───── The data

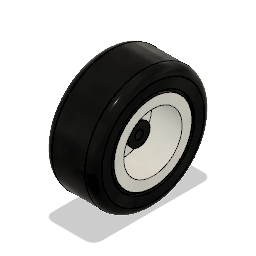
_k346 43x19x3mm wheel.aefafec7-2804-4509-a28a-ab8cc24bd11c (Autodesk Fusion 360 design; units mm, degrees)
Autodesk Fusion 360 part; units mm, degrees
note: some values were not read from the file. Chosen so that the rebuilt part matches the saved one: which face or edge a step refers to.
sketch "Sketch1" plane through (0, 0, 0) normal (0, 0, 1) x (1, 0, 0)
  line L0 (0, 0) -> (9, 0)
  line L1 (9, 12) -> (0, 12)
  line L2 (0, 12) -> (0, 0)
  line L3 (9, 12) -> (9, 0)
  dimension "d3" = 9
  dimension "d4" = 12
  dimension "d6" = 12
  measures "d3" distance of L0.start
  measures "d4" distance of L0.start
sketch "Sketch2" plane through (24, 0, 0) normal (1, 0, 0) x (0, 0, -1)
  line L0 (0, 0) -> (0, 12)
  line L1 (0, 12) -> (-10, 12)
  line L2 (-10, 12) -> (-10, 0)
  line L3 (-10, 0) -> (0, 0)
  line L4 (0, 2.6834) -> (0, 9.3166)
  line L5 (-10, 9.3166) -> (-10, 2.6834)
  arc A0 (-10, 2.6834) -> (0, 2.6834) centre (-5, 6) ccw
  arc A1 (0, 9.3166) -> (-10, 9.3166) centre (-5, 6) ccw
  circle A2 centre (-5, 6) radius 2.5
  circle A3 centre (-5, 6) radius 1.5
  circle A4 centre (-50, 25) radius 21.5
  circle A5 centre (-50, 25) radius 15
  circle A6 centre (-50, 25) radius 14
  circle A7 centre (-50, 25) radius 10.5
  circle A8 centre (-50, 25) radius 4
  circle A9 centre (-50, 25) radius 1.5
  dimension "d13" = 5
  dimension "d16" = 3
  dimension "d297" = 43
  dimension "d298" = 30
  dimension "d299" = 28
  dimension "d300" = 21
  dimension "d301" = 8
  dimension "d302" = 3
  measures "d13" diameter of A2
  measures "d16" diameter of A3
  measures "d297" diameter of A4
  measures "d298" diameter of A5
  measures "d299" diameter of A6
  measures "d300" diameter of A7
  measures "d301" diameter of A8
  measures "d302" diameter of A9
extrude "Extrude12" add sketch "Sketch2" along normal blind 14 contours A4 makes body 1
extrude "Extrude13" add sketch "Sketch2" against normal blind 4 contours A4 bodies 1
extrude "Extrude14" add sketch "Sketch2" along normal blind 14 separate body contours A6 makes body 2
extrude "Extrude15" add sketch "Sketch2" along normal blind 13 contours A5 bodies 1 2
extrude "Extrude17" add sketch "Sketch2" along normal blind 3 contours A7 bodies 1
extrude "Extrude18" add sketch "Sketch2" along normal blind 9 contours A8 bodies 1
fillet "Fillet1" radius 3 1 edges at (20, 25, 71.5) on bodies 1
fillet "Fillet2" radius 3 1 edges at (38, 17.2253, 70.045) on bodies 1
move_body "Move2" bodies 1 to x (1, 0, 0) y (0, 1, 0) z (0, 0, 1) at (-34, -19, -45)

──────────

• _Exercise goal_
Where in the records above does the word "contours" appear? Copy each line that holds it.

• _Exercise solution_
extrude "Extrude12" add sketch "Sketch2" along normal blind 14 contours A4 makes body 1
extrude "Extrude13" add sketch "Sketch2" against normal blind 4 contours A4 bodies 1
extrude "Extrude14" add sketch "Sketch2" along normal blind 14 separate body contours A6 makes body 2
extrude "Extrude15" add sketch "Sketch2" along normal blind 13 contours A5 bodies 1 2
extrude "Extrude17" add sketch "Sketch2" along normal blind 3 contours A7 bodies 1
extrude "Extrude18" add sketch "Sketch2" along normal blind 9 contours A8 bodies 1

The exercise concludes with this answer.